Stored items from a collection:

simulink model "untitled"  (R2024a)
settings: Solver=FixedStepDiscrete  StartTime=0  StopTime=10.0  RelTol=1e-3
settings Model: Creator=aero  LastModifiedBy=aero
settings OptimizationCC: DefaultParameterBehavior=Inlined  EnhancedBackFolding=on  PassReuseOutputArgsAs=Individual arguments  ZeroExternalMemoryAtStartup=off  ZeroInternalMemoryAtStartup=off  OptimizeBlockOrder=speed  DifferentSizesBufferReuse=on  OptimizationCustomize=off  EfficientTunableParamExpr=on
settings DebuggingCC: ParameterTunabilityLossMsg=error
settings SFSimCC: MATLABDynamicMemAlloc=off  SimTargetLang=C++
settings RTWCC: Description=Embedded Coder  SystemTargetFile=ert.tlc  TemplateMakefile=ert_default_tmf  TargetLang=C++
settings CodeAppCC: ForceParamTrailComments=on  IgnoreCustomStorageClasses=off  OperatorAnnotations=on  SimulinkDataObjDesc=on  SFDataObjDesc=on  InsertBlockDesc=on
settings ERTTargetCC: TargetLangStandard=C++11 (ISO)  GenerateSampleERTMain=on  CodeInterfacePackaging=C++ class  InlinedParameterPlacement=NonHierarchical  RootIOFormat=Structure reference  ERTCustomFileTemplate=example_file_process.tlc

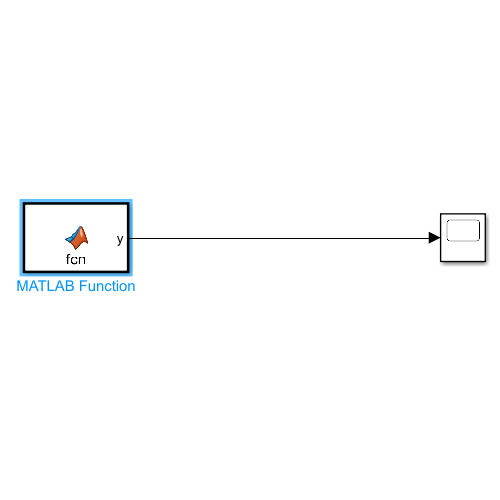
[thumbnail: Simulink's stored preview of the top-level diagram]
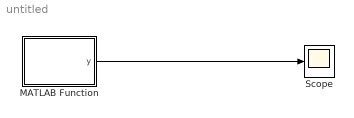
== system untitled ==
  MATLAB Function : MATLAB Function  TreatAsAtomicUnit=on
  Scope : Scope
  wires:
  MATLAB Function/1(y) -> Scope/1

== matlab function untitled/MATLAB Function ==
  data: y output
function y = fcn()

A1 = [eye(2); -eye(2)];
b1 = [5; 5; 5; 5];

A = api.Polyhedron(A1, b1);

A2 = [-eye(2); eye(2)];
b2 = [1; 1; 1; 1];

B = api.Polyhedron(A2, b2);

contained = api.Contains(A, B)

S = api.Minus(A, B);

y = 10;

• _Exercise objective_: Within the data above, filter for lines containing the word "Polyhedron" and copy each one.

• _The answer_:
A = api.Polyhedron(A1, b1);
B = api.Polyhedron(A2, b2);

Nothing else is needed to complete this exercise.